Beyond that document, the German delegation was very difficult at that meeting. It found support in the Czech Republic, according to the sources consulted. But Brussels has argued that this is not the time for adjustments. The US delegation went further and indicated that it is not “rational” for the economist to propose fiscal consolidation now, when half of the Eurozone is on its way or is plunging into a second recession and the recovery will arrive later than expected.
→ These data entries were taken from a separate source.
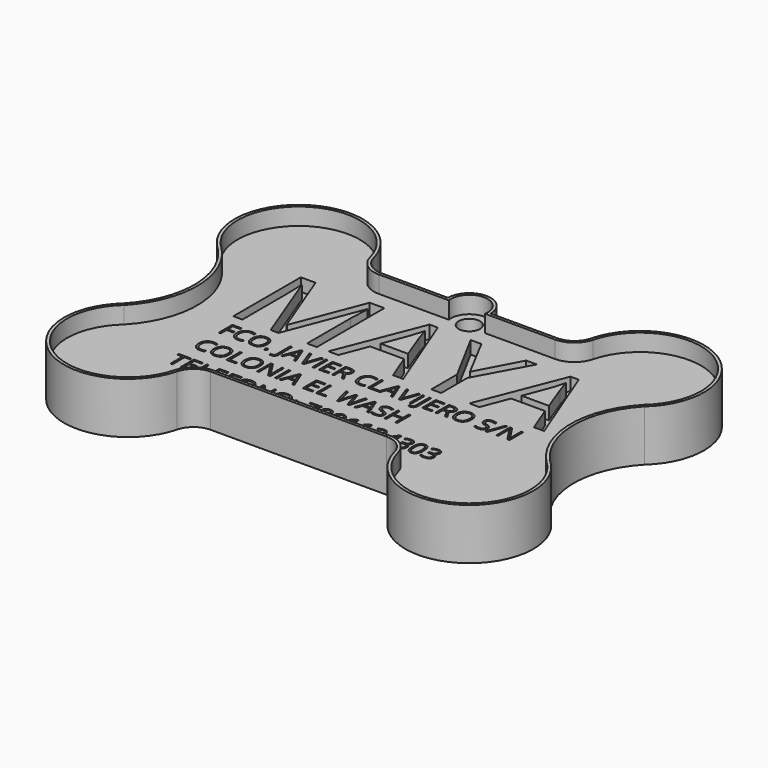
from build123d import *

# Parameters (mm, degrees)
F0_R         = 2.5
F1_DEPTH     = 8
F2_TEXT_SIZE = 27.697940661
F3_DEPTH     = 3
F5_DEPTH     = 4
F6_TEXT_SIZE = 5.5555555556
F7_DEPTH     = 4
F8_W         = 27.0967744291
F8_H         = 7.8326575458
F8_W_2       = 69.6471799165
F8_H_2       = 12.2782327235
F9_DEPTH     = 5


# Not quite as in the source:
# - Text() gives the source's letters only with a copy of the font that has no kerning and outlines rounded to 1/6400 em; it was checked with that copy


with BuildPart() as f1:
    # F0 (on Top) → F1 (new body)
    with BuildSketch(Plane.XY):
        with BuildLine():
            Line((7.1869715303, 26.1201031506), (-8.4481117386, 26.1201031506))
            ThreePointArc((-8.4481117386, 26.1201031506), (-11.5099739171, 27.1672560754), (-13.2893409214, 29.8701031506))
            ThreePointArc((-13.2893409214, 29.8701031506), (-35.6133297169, 38.9324136547), (-37.8130284697, 14.9397632631))
            ThreePointArc((-37.8130284697, 14.9397632631), (-32.2704485153, 1.1201031506), (-37.8130284697, -12.6995569619))
            ThreePointArc((-37.8130284697, -12.6995569619), (-35.6133297169, -36.6922073534), (-13.2893409214, -27.6298968494))
            ThreePointArc((-13.2893409214, -27.6298968494), (-11.5099739171, -24.9270497742), (-8.4481117386, -23.8798968494))
            Line((-8.4481117386, -23.8798968494), (32.8220547993, -23.8798968494))
            ThreePointArc((32.8220547993, -23.8798968494), (35.8839169778, -24.9270497742), (37.663283982, -27.6298968494))
            ThreePointArc((37.663283982, -27.6298968494), (59.9872727776, -36.6922073534), (62.1869715303, -12.6995569619))
            ThreePointArc((62.1869715303, -12.6995569619), (56.6443915759, 1.1201031506), (62.1869715303, 14.9397632631))
            ThreePointArc((62.1869715303, 14.9397632631), (59.9872727776, 38.9324136547), (37.663283982, 29.8701031506))
            ThreePointArc((37.663283982, 29.8701031506), (35.8839169778, 27.1672560754), (32.8220547993, 26.1201031506))
            Line((32.8220547993, 26.1201031506), (17.1869715303, 26.1201031506))
            ThreePointArc((17.1869715303, 26.1201031506), (12.1869715303, 31.1201031506), (7.1869715303, 26.1201031506))
        make_face()
        with Locations((12.1869715303, 26.1201031506)):
            Circle(F0_R, mode=Mode.SUBTRACT)
    extrude(amount=F1_DEPTH)

    # F2 (on face) → F3 (cut)
    with BuildSketch(Plane.XY.offset(8)):
        with Locations((-26.4515727758, 1.8703314709)):
            Text('MAYA', F2_TEXT_SIZE, font='Open Sans', text_align=(TextAlign.LEFT, TextAlign.BOTTOM))
    extrude(amount=-F3_DEPTH, mode=Mode.SUBTRACT)

    # F4 (on face) → F5 (join)
    with BuildSketch(Plane.XY.offset(8)):
        with BuildLine():
            ThreePointArc((-37.8130284697, -12.6995569619), (-35.6133297169, -36.6922073534), (-13.2893409214, -27.6298968494))
            ThreePointArc((-13.2893409214, -27.6298968494), (-11.5099739171, -24.9270497742), (-8.4481117386, -23.8798968494))
            Line((-8.4481117386, -23.8798968494), (32.8220547993, -23.8798968494))
            ThreePointArc((32.8220547993, -23.8798968494), (35.8839169778, -24.9270497742), (37.663283982, -27.6298968494))
            ThreePointArc((37.663283982, -27.6298968494), (59.9872727776, -36.6922073534), (62.1869715303, -12.6995569619))
            ThreePointArc((62.1869715303, -12.6995569619), (56.6443915759, 1.1201031506), (62.1869715303, 14.9397632631))
            ThreePointArc((62.1869715303, 14.9397632631), (59.9872727776, 38.9324136547), (37.663283982, 29.8701031506))
            ThreePointArc((37.663283982, 29.8701031506), (35.8839169778, 27.1672560754), (32.8220547993, 26.1201031506))
            Line((32.8220547993, 26.1201031506), (17.1869715303, 26.1201031506))
            ThreePointArc((17.1869715303, 26.1201031506), (12.1869715303, 31.1201031506), (7.1869715303, 26.1201031506))
            Line((7.1869715303, 26.1201031506), (-8.4481117386, 26.1201031506))
            ThreePointArc((-8.4481117386, 26.1201031506), (-11.5099739171, 27.1672560754), (-13.2893409214, 29.8701031506))
            ThreePointArc((-13.2893409214, 29.8701031506), (-35.6133297169, 38.9324136547), (-37.8130284697, 14.9397632631))
            ThreePointArc((-37.8130284697, 14.9397632631), (-32.2704485153, 1.1201031506), (-37.8130284697, -12.6995569619))
        make_face()
        with BuildLine():
            ThreePointArc((61.7002912634, -13.2034392133), (59.6347133107, -36.0873184597), (38.3410560676, -27.4548968494))
            ThreePointArc((38.3410560676, -27.4548968494), (36.3125776827, -24.3736511837), (32.8220547993, -23.1798968494))
            Line((32.8220547993, -23.1798968494), (-8.4481117386, -23.1798968494))
            ThreePointArc((-8.4481117386, -23.1798968494), (-11.9386346221, -24.3736511837), (-13.967113007, -27.4548968494))
            ThreePointArc((-13.967113007, -27.4548968494), (-35.2607702501, -36.0873184597), (-37.3263482028, -13.2034392133))
            ThreePointArc((-37.3263482028, -13.2034392133), (-31.5704485153, 1.1201031506), (-37.3263482028, 15.4436455145))
            ThreePointArc((-37.3263482028, 15.4436455145), (-35.2607702501, 38.3275247609), (-13.967113007, 29.6951031506))
            ThreePointArc((-13.967113007, 29.6951031506), (-11.9386346221, 26.6138574849), (-8.4481117386, 25.4201031506))
            Line((-8.4481117386, 25.4201031506), (7.9443308432, 25.4201031506))
            ThreePointArc((7.9443308432, 25.4201031506), (12.1869715303, 30.4201031506), (16.4296122174, 25.4201031506))
            Line((16.4296122174, 25.4201031506), (32.8220547993, 25.4201031506))
            ThreePointArc((32.8220547993, 25.4201031506), (36.3125776827, 26.6138574849), (38.3410560676, 29.6951031506))
            ThreePointArc((38.3410560676, 29.6951031506), (59.6347133107, 38.3275247609), (61.7002912634, 15.4436455145))
            ThreePointArc((61.7002912634, 15.4436455145), (55.9443915759, 1.1201031506), (61.7002912634, -13.2034392133))
        make_face(mode=Mode.SUBTRACT)
    extrude(amount=F5_DEPTH)

    # F6 (on face) → F7 (cut)
    with BuildSketch(Plane.XY.offset(8)):
        with Locations((-22.2876826049, -4.881355988)):
            Text('FCO. JAVIER CLAVIJERO S/N', F6_TEXT_SIZE, font='Open Sans', text_align=(TextAlign.LEFT, TextAlign.BOTTOM))
        with Locations((-22.2876826049, -12.4369115436)):
            Text('COLONIA EL WASH', F6_TEXT_SIZE, font='Open Sans', text_align=(TextAlign.LEFT, TextAlign.BOTTOM))
        with Locations((-22.2876826049, -19.9924670992)):
            Text('TELEFONO: 7891124303', F6_TEXT_SIZE, font='Open Sans', text_align=(TextAlign.LEFT, TextAlign.BOTTOM))
    extrude(amount=-F7_DEPTH, mode=Mode.SUBTRACT)

    # F8 (on Top) → F9 (cut)
    with BuildSketch(Plane.XY):
        with Locations((-56.3104841858, -46.1491961032)):
            Rectangle(F8_W, F8_H)
        with Locations((10.0554442033, -61.9203653187)):
            Rectangle(F8_W_2, F8_H_2)
        Polygon((0.6036563573, -65.7308474183), (-0.0532917555, -65.7308474183), (-0.7329344395, -63.9953099494), (-2.9199744297, -63.9953099494), (-3.5912559559, -65.7308474183), (-4.2338706553, -65.7308474183), (-2.076691943, -60.2507057063), (-1.542772295, -60.2507057063), align=None, mode=Mode.SUBTRACT)
        with BuildLine():
            Line((4.2801768868, -65.7308474183), (3.7689518099, -65.7308474183))
            Line((3.7689518099, -65.7308474183), (1.9175525829, -60.8933204057))
            Line((1.9175525829, -60.8933204057), (1.8876913051, -60.8933204057))
            add(Edge.make_bspline(
                [(1.8876913051, -60.8933204057), (1.9402471541, -61.4678513917), (1.9402471541, -62.2597724804)],
                knots=[0, 0, 0, 1, 1, 1], degree=2))
            Line((1.9402471541, -62.2597724804), (1.9402471541, -65.7308474183))
            Line((1.9402471541, -65.7308474183), (1.353771657, -65.7308474183))
            Line((1.353771657, -65.7308474183), (1.353771657, -60.2734002775))
            Line((1.353771657, -60.2734002775), (2.3093325484, -60.2734002775))
            Line((2.3093325484, -60.2734002775), (4.0377033106, -64.7752865269))
            Line((4.0377033106, -64.7752865269), (4.0675645885, -64.7752865269))
            Line((4.0675645885, -64.7752865269), (5.8102687641, -60.2734002775))
            Line((5.8102687641, -60.2734002775), (6.7586629488, -60.2734002775))
            Line((6.7586629488, -60.2734002775), (6.7586629488, -65.7308474183))
            Line((6.7586629488, -65.7308474183), (6.1244094072, -65.7308474183))
            Line((6.1244094072, -65.7308474183), (6.1244094072, -62.2143833381))
            add(Edge.make_bspline(
                [(6.1244094072, -62.2143833381), (6.1244094072, -61.6099910743), (6.1769652562, -60.9004871124)],
                knots=[0, 0, 0, 1, 1, 1], degree=2))
            Line((6.1769652562, -60.9004871124), (6.1471039783, -60.9004871124))
            Line((6.1471039783, -60.9004871124), (4.2801768868, -65.7308474183))
        make_face(mode=Mode.SUBTRACT)
        with BuildLine():
            add(Edge.make_bspline(
                [(12.3319718477, -60.9339317436), (12.9925033139, -61.68046369), (12.9925033139, -62.9943599156)],
                knots=[0, 0, 0, 1, 1, 1], degree=2))
            add(Edge.make_bspline(
                [(12.9925033139, -62.9943599156), (12.9925033139, -64.3046727879), (12.3295829455, -65.0553853132)],
                knots=[0, 0, 0, 1, 1, 1], degree=2))
            add(Edge.make_bspline(
                [(12.3295829455, -65.0553853132), (11.6666625771, -65.8060978385), (10.4877393274, -65.8060978385)],
                knots=[0, 0, 0, 1, 1, 1], degree=2))
            add(Edge.make_bspline(
                [(10.4877393274, -65.8060978385), (9.2825381532, -65.8060978385), (8.627381717, -65.0685242755)],
                knots=[0, 0, 0, 1, 1, 1], degree=2))
            add(Edge.make_bspline(
                [(8.627381717, -65.0685242755), (7.9722252809, -64.3309507124), (7.9722252809, -62.987193209)],
                knots=[0, 0, 0, 1, 1, 1], degree=2))
            add(Edge.make_bspline(
                [(7.9722252809, -62.987193209), (7.9722252809, -61.6541857655), (8.6291733937, -60.9207927814)],
                knots=[0, 0, 0, 1, 1, 1], degree=2))
            add(Edge.make_bspline(
                [(8.6291733937, -60.9207927814), (9.2861215065, -60.1873997972), (10.4949060341, -60.1873997972)],
                knots=[0, 0, 0, 1, 1, 1], degree=2))
            add(Edge.make_bspline(
                [(10.4949060341, -60.1873997972), (11.6714403816, -60.1873997972), (12.3319718477, -60.9339317436)],
                knots=[0, 0, 0, 1, 1, 1], degree=2))
        make_face(mode=Mode.SUBTRACT)
        with BuildLine():
            Line((15.9822144528, -63.4613903013), (14.8427080898, -63.4613903013))
            Line((14.8427080898, -63.4613903013), (14.8427080898, -65.7308474183))
            Line((14.8427080898, -65.7308474183), (14.2084545482, -65.7308474183))
            Line((14.2084545482, -65.7308474183), (14.2084545482, -60.2734002775))
            Line((14.2084545482, -60.2734002775), (15.7051017943, -60.2734002775))
            add(Edge.make_bspline(
                [(15.7051017943, -60.2734002775), (16.7096351813, -60.2734002775), (17.1892073037, -60.6580135362)],
                knots=[0, 0, 0, 1, 1, 1], degree=2))
            add(Edge.make_bspline(
                [(17.1892073037, -60.6580135362), (17.6687794261, -61.042626795), (17.6687794261, -61.8154366659)],
                knots=[0, 0, 0, 1, 1, 1], degree=2))
            add(Edge.make_bspline(
                [(17.6687794261, -61.8154366659), (17.6687794261, -62.8976093754), (16.5710788521, -63.2786392808)],
                knots=[0, 0, 0, 1, 1, 1], degree=2))
            Line((16.5710788521, -63.2786392808), (18.0533926848, -65.7308474183))
            Line((18.0533926848, -65.7308474183), (17.3032773851, -65.7308474183))
            Line((17.3032773851, -65.7308474183), (15.9822144528, -63.4613903013))
        make_face(mode=Mode.SUBTRACT)
    extrude(amount=F9_DEPTH, mode=Mode.SUBTRACT)


solid = f1.part

This debate reminds us of the subsequent debate Collide From Lehman Brothers. In the middle of the Great Recession everyone subscribed to some kind of Keynesian juggernaut in 2008. But Europe turned in 2010, with tough German positions in the picture and the European Commission of Jose Manuel Barroso in its wake. Berlin, Brussels and Frankfurt, with the European Central Bank very active in favor of the adjustment pills, sparked a series of bailouts, including Spanish banks, leaving the euro on the brink of collapse on several occasions, until Mario Draghi arrived at Europanco. Jean Pisani-Ferry, a former adviser to Emmanuel Macron, said that managing the eurozone in those years of austerity overdose “is without doubt one of the biggest economic policy mistakes ever made.”
It is too early to say that the upcoming German elections may change Berlin’s stance, but the debate over austerity will return sooner or later. Even the most Orthodox German economists do not understand well the claim to adapt sooner rather than later in an economy hit by COVID like Spain: “If that were the case, it would be a widespread political and economic mistake,” says Jacob Kierkegaard of the Peterson Institute. “It is completely premature for Germany to press for amendments, it has no reason at this time. It would be much better to pressure Spain to present a recovery plan with strong reforms, and Germany itself should try to present a good plan that serves as an example of how European money can be spent properly. Correct, “according to Kierkegaard.
The Germans have already given several signals that they want to see changes in the ECB’s monetary policy. The German Constitutional Court halted the recovery plan at the end of March, threatening to further delay payments. Berlin is beginning to show its tentacles on the financial level: Finance Minister, Social Democrat Olaf Schultz, opposes reform of the stability and growth plan, which imposes cuts in times of crisis, and according to experts, it was made completely outdated. The German executive in the Organization for Economic Cooperation and Development has shown that it will fight again on this wing. So far, to no avail: The final report, according to the sources consulted, includes a consensual view and shows Berlin’s position is extremely watered down. Finally, the OECD also wants to consider fiscal consolidation plans over the medium term. But not now, but when the recovery is on the right track.